Yesterday United Airlines forcibly removed a passenger from an overbooked flight and other passengers captured the incident on video. You can watch it here.
It is hard to overstate how bad this is for United. Let’s review what happened:
– The airline boards too many people and won’t offer enough money to entice someone to take a later flight.
– The gate agents randomly pick passengers to bump, and when someone protests, they arrange for him to be dragged from the place. He is bloodied and bruised.
– The company did this in order to accommodate crew members; it wasn’t to provide space for other passengers.
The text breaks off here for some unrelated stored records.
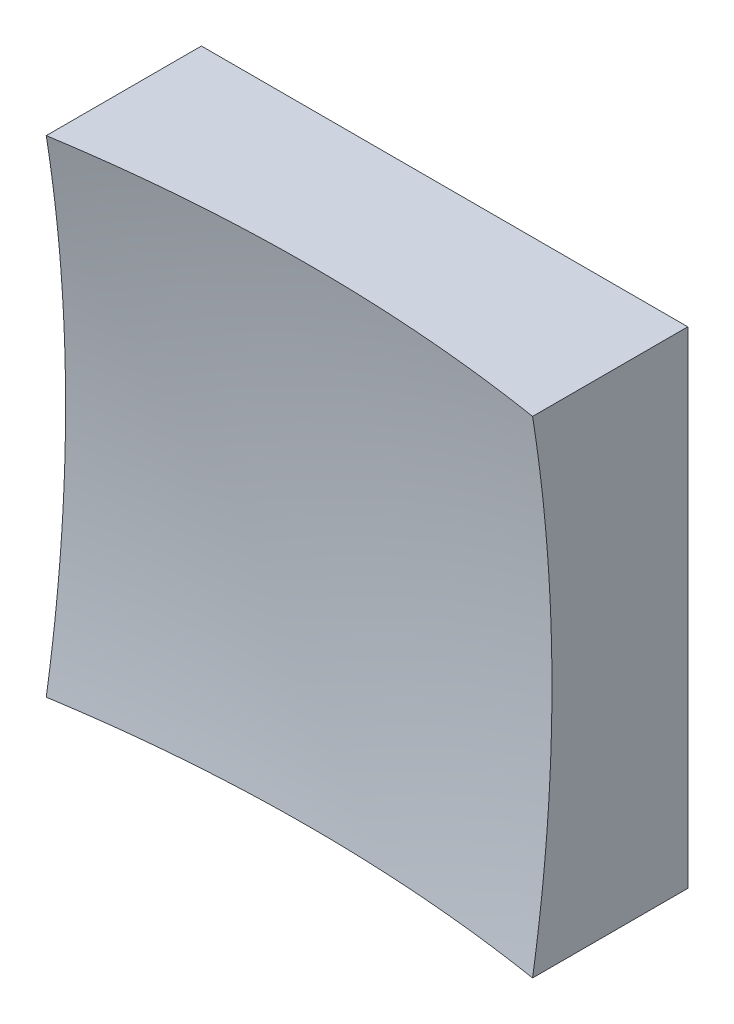
ISO-10303-21;
HEADER;
FILE_DESCRIPTION(('STEP AP214'),'2;1');
FILE_NAME('part.step','',(''),(''),'','','');
FILE_SCHEMA(('AUTOMOTIVE_DESIGN { 1 0 10303 214 1 1 1 1 }'));
ENDSEC;
DATA;
#1=APPLICATION_CONTEXT('core data for automotive mechanical design processes');
#2=APPLICATION_PROTOCOL_DEFINITION('international standard','automotive_design',2000,#1);
#3=PRODUCT_CONTEXT('',#1,'mechanical');
#4=PRODUCT('Part','Part','',(#3));
#5=PRODUCT_RELATED_PRODUCT_CATEGORY('part','',(#4));
#6=PRODUCT_DEFINITION_FORMATION('','',#4);
#7=PRODUCT_DEFINITION_CONTEXT('part definition',#1,'design');
#8=PRODUCT_DEFINITION('design','',#6,#7);
#9=PRODUCT_DEFINITION_SHAPE('','',#8);
#10=(LENGTH_UNIT() NAMED_UNIT(*) SI_UNIT(.MILLI.,.METRE.));
#11=(NAMED_UNIT(*) PLANE_ANGLE_UNIT() SI_UNIT($,.RADIAN.));
#12=(NAMED_UNIT(*) SI_UNIT($,.STERADIAN.) SOLID_ANGLE_UNIT());
#13=UNCERTAINTY_MEASURE_WITH_UNIT(LENGTH_MEASURE(1.E-05),#10,'distance_accuracy_value','');
#14=(GEOMETRIC_REPRESENTATION_CONTEXT(3) GLOBAL_UNCERTAINTY_ASSIGNED_CONTEXT((#13)) GLOBAL_UNIT_ASSIGNED_CONTEXT((#10,
#11,#12)) REPRESENTATION_CONTEXT('',''));
#15=CARTESIAN_POINT('',(0.,0.,0.));
#16=DIRECTION('',(0.,0.,1.));
#17=DIRECTION('',(1.,0.,0.));
#18=AXIS2_PLACEMENT_3D('',#15,#16,#17);
#19=CARTESIAN_POINT('',(-12.5,12.5,20.));
#20=DIRECTION('',(0.,1.,0.));
#21=DIRECTION('',(0.,0.,1.));
#22=AXIS2_PLACEMENT_3D('',#19,#20,#21);
#23=PLANE('',#22);
#24=CARTESIAN_POINT('',(0.,12.5,86.));
#25=DIRECTION('',(0.,1.,0.));
#26=DIRECTION('',(0.,0.,1.));
#27=AXIS2_PLACEMENT_3D('',#24,#25,#26);
#28=CIRCLE('',#27,79.0174031463956);
#29=CARTESIAN_POINT('',(12.5,12.5,7.97756732836381));
#30=VERTEX_POINT('',#29);
#31=CARTESIAN_POINT('',(-12.5,12.5,7.97756732836381));
#32=VERTEX_POINT('',#31);
#33=EDGE_CURVE('E79',#30,#32,#28,.T.);
#34=ORIENTED_EDGE('',*,*,#33,.F.);
#35=DIRECTION('',(0.,0.,-1.));
#36=VECTOR('',#35,1.);
#37=CARTESIAN_POINT('',(12.5,12.5,20.));
#38=LINE('',#37,#36);
#39=CARTESIAN_POINT('',(12.5,12.5,0.));
#40=VERTEX_POINT('',#39);
#41=EDGE_CURVE('E85',#30,#40,#38,.T.);
#42=ORIENTED_EDGE('',*,*,#41,.T.);
#43=DIRECTION('',(1.,0.,0.));
#44=VECTOR('',#43,1.);
#45=CARTESIAN_POINT('',(-12.5,12.5,0.));
#46=LINE('',#45,#44);
#47=CARTESIAN_POINT('',(-12.5,12.5,0.));
#48=VERTEX_POINT('',#47);
#49=EDGE_CURVE('E88',#48,#40,#46,.T.);
#50=ORIENTED_EDGE('',*,*,#49,.F.);
#51=DIRECTION('',(0.,0.,-1.));
#52=VECTOR('',#51,1.);
#53=CARTESIAN_POINT('',(-12.5,12.5,20.));
#54=LINE('',#53,#52);
#55=EDGE_CURVE('E47',#32,#48,#54,.T.);
#56=ORIENTED_EDGE('',*,*,#55,.F.);
#57=EDGE_LOOP('',(#34,#42,#50,#56));
#58=FACE_BOUND('',#57,.T.);
#59=ADVANCED_FACE('F39',(#58),#23,.T.);
#60=CARTESIAN_POINT('',(-12.5,12.5,20.));
#61=DIRECTION('',(1.,0.,0.));
#62=DIRECTION('',(0.,1.,0.));
#63=AXIS2_PLACEMENT_3D('',#60,#61,#62);
#64=PLANE('',#63);
#65=DIRECTION('',(0.,0.,-1.));
#66=VECTOR('',#65,1.);
#67=CARTESIAN_POINT('',(-12.5,-12.5,20.));
#68=LINE('',#67,#66);
#69=CARTESIAN_POINT('',(-12.5,-12.5,7.97756732836381));
#70=VERTEX_POINT('',#69);
#71=CARTESIAN_POINT('',(-12.5,-12.5,0.));
#72=VERTEX_POINT('',#71);
#73=EDGE_CURVE('E100',#70,#72,#68,.T.);
#74=ORIENTED_EDGE('',*,*,#73,.F.);
#75=CARTESIAN_POINT('',(-12.5,0.,86.));
#76=DIRECTION('',(1.,0.,0.));
#77=DIRECTION('',(0.,1.,0.));
#78=AXIS2_PLACEMENT_3D('',#75,#76,#77);
#79=CIRCLE('',#78,79.0174031463956);
#80=EDGE_CURVE('E89',#70,#32,#79,.T.);
#81=ORIENTED_EDGE('',*,*,#80,.T.);
#82=ORIENTED_EDGE('',*,*,#55,.T.);
#83=DIRECTION('',(0.,-1.,0.));
#84=VECTOR('',#83,1.);
#85=CARTESIAN_POINT('',(-12.5,12.5,0.));
#86=LINE('',#85,#84);
#87=EDGE_CURVE('E97',#48,#72,#86,.T.);
#88=ORIENTED_EDGE('',*,*,#87,.T.);
#89=EDGE_LOOP('',(#74,#81,#82,#88));
#90=FACE_BOUND('',#89,.T.);
#91=ADVANCED_FACE('F122',(#90),#64,.F.);
#92=CARTESIAN_POINT('',(-12.5,-12.5,20.));
#93=DIRECTION('',(0.,1.,0.));
#94=DIRECTION('',(0.,0.,1.));
#95=AXIS2_PLACEMENT_3D('',#92,#93,#94);
#96=PLANE('',#95);
#97=DIRECTION('',(0.,0.,-1.));
#98=VECTOR('',#97,1.);
#99=CARTESIAN_POINT('',(12.5,-12.5,20.));
#100=LINE('',#99,#98);
#101=CARTESIAN_POINT('',(12.5,-12.5,7.97756732836381));
#102=VERTEX_POINT('',#101);
#103=CARTESIAN_POINT('',(12.5,-12.5,0.));
#104=VERTEX_POINT('',#103);
#105=EDGE_CURVE('E96',#102,#104,#100,.T.);
#106=ORIENTED_EDGE('',*,*,#105,.F.);
#107=CARTESIAN_POINT('',(0.,-12.5,86.));
#108=DIRECTION('',(0.,1.,0.));
#109=DIRECTION('',(0.,0.,1.));
#110=AXIS2_PLACEMENT_3D('',#107,#108,#109);
#111=CIRCLE('',#110,79.0174031463956);
#112=EDGE_CURVE('E53',#102,#70,#111,.T.);
#113=ORIENTED_EDGE('',*,*,#112,.T.);
#114=ORIENTED_EDGE('',*,*,#73,.T.);
#115=DIRECTION('',(1.,0.,0.));
#116=VECTOR('',#115,1.);
#117=CARTESIAN_POINT('',(-12.5,-12.5,0.));
#118=LINE('',#117,#116);
#119=EDGE_CURVE('E102',#72,#104,#118,.T.);
#120=ORIENTED_EDGE('',*,*,#119,.T.);
#121=EDGE_LOOP('',(#106,#113,#114,#120));
#122=FACE_BOUND('',#121,.T.);
#123=ADVANCED_FACE('F121',(#122),#96,.F.);
#124=CARTESIAN_POINT('',(12.5,12.5,20.));
#125=DIRECTION('',(1.,0.,0.));
#126=DIRECTION('',(0.,1.,0.));
#127=AXIS2_PLACEMENT_3D('',#124,#125,#126);
#128=PLANE('',#127);
#129=CARTESIAN_POINT('',(12.5,0.,86.));
#130=DIRECTION('',(1.,0.,0.));
#131=DIRECTION('',(0.,1.,0.));
#132=AXIS2_PLACEMENT_3D('',#129,#130,#131);
#133=CIRCLE('',#132,79.0174031463956);
#134=EDGE_CURVE('E11',#102,#30,#133,.T.);
#135=ORIENTED_EDGE('',*,*,#134,.F.);
#136=ORIENTED_EDGE('',*,*,#105,.T.);
#137=DIRECTION('',(0.,-1.,0.));
#138=VECTOR('',#137,1.);
#139=CARTESIAN_POINT('',(12.5,12.5,0.));
#140=LINE('',#139,#138);
#141=EDGE_CURVE('E93',#40,#104,#140,.T.);
#142=ORIENTED_EDGE('',*,*,#141,.F.);
#143=ORIENTED_EDGE('',*,*,#41,.F.);
#144=EDGE_LOOP('',(#135,#136,#142,#143));
#145=FACE_BOUND('',#144,.T.);
#146=ADVANCED_FACE('F91',(#145),#128,.T.);
#147=CARTESIAN_POINT('',(0.,0.,0.));
#148=DIRECTION('',(0.,0.,-1.));
#149=DIRECTION('',(-1.,0.,0.));
#150=AXIS2_PLACEMENT_3D('',#147,#148,#149);
#151=PLANE('',#150);
#152=ORIENTED_EDGE('',*,*,#49,.T.);
#153=ORIENTED_EDGE('',*,*,#141,.T.);
#154=ORIENTED_EDGE('',*,*,#119,.F.);
#155=ORIENTED_EDGE('',*,*,#87,.F.);
#156=EDGE_LOOP('',(#152,#153,#154,#155));
#157=FACE_BOUND('',#156,.T.);
#158=ADVANCED_FACE('F125',(#157),#151,.T.);
#159=CARTESIAN_POINT('',(0.,0.,86.));
#160=DIRECTION('',(0.,0.,1.));
#161=DIRECTION('',(1.,0.,0.));
#162=AXIS2_PLACEMENT_3D('',#159,#160,#161);
#163=SPHERICAL_SURFACE('',#162,80.);
#164=ORIENTED_EDGE('',*,*,#33,.T.);
#165=ORIENTED_EDGE('',*,*,#80,.F.);
#166=ORIENTED_EDGE('',*,*,#112,.F.);
#167=ORIENTED_EDGE('',*,*,#134,.T.);
#168=EDGE_LOOP('',(#164,#165,#166,#167));
#169=FACE_BOUND('',#168,.T.);
#170=ADVANCED_FACE('F78',(#169),#163,.F.);
#171=CLOSED_SHELL('',(#59,#91,#123,#146,#158,#170));
#172=MANIFOLD_SOLID_BREP('B2',#171);
#173=ADVANCED_BREP_SHAPE_REPRESENTATION('',(#18,#172),#14);
#174=SHAPE_DEFINITION_REPRESENTATION(#9,#173);
ENDSEC;
END-ISO-10303-21;

Airlines disappoint people every day: flights are late, customers get bumped and luggage vanishes, but this is different. It is difficult to think of another corporation physically assaulting a customer in such a manner. Have we seen something like this from McDonalds? Walmart? Starbucks? Delta? No.
United drags a passenger from a plane to make room for an employee? Really? This has sparked some remarkable comments on social media.
The incident raises all sorts of tough questions.
What sort of company culture led to this? Why would anyone think this was the best way to manage the situation?
Were the front-line employees really out of options?
What sort of pressure are they under?
United CEO Oscar Munoz responded this morning, and while the prompt statement was good the wording was tone deaf. In particular, Munoz wrote, “I apologize for having to re-accommodate these customers.” That is a terrible statement. United didn’t “re-accommodate” the passenger in the video; United arranged for him to be physically dragged from the plane.
Munoz needs to quickly apologize for the incident and state that United will try very hard to not leave passengers bloodied and battered. Well, perhaps it should skip that last part. The airline should announce that it is conducting a thorough outside review of its culture and policies in an effort to understand how something like this happened, and to ensure it doesn’t happen again.
This a rough day for the United brand.
I’m curious how much of this resulted as a byproduct of broader company culture / official protocol (why did they board the plane if they knew they needed excess capacity for their crew?) vs. front line staff making an error by boarding the plane and making an ill-fated call to security. This is not to rationalize what happened but definitely seems like a need for either a massive overhaul of protocol to handle situations and/or investment in company wide training on these situations to begin to regain some of their lost brand credibility as a result of this horrid incident.
Really bad. I waited 10 hours in an airport Saturday. Problem was that the airline had not grounded planes and canceled flights in really bad weather so they all sat on ground, still ostensibly working,m and the next day (Saturday) when weather was good and planes were there, the crews couldn’t work. Not a good scene. No way to run a business. It was Delta. I wonder what United did in the same conditions.
Indeed Tim, this is a rough day for United.
This brutal action was certainly unexpected. But, upon reflecting on general airlines’ attitude toward passengers, I was outraged but not that surprised. From tighter seat and knee space to low quality of food (“pasta or chicken?”), the goal is seemingly not to find ways to offer a pleasant trip but to cram as many passengers as possible on a plane or in this case to expel a paying passenger without offering proper compensation.
On a recent flight from London to Chicago, in the large economy section which was full, instead of the 6 or 8 toilets, there were only 4 bathrooms. So for most of the flight, folks waited their turn. And this was on a brand new plane.
Sure United must apologize for this appaling incident but all airlines should also rethink their attitude toward passengers
Great comments Tim!
I think United had a simple solution here.
Simple keeping raising the price offer until someone says OK!
Surely someone would have given up their seat for $3,000!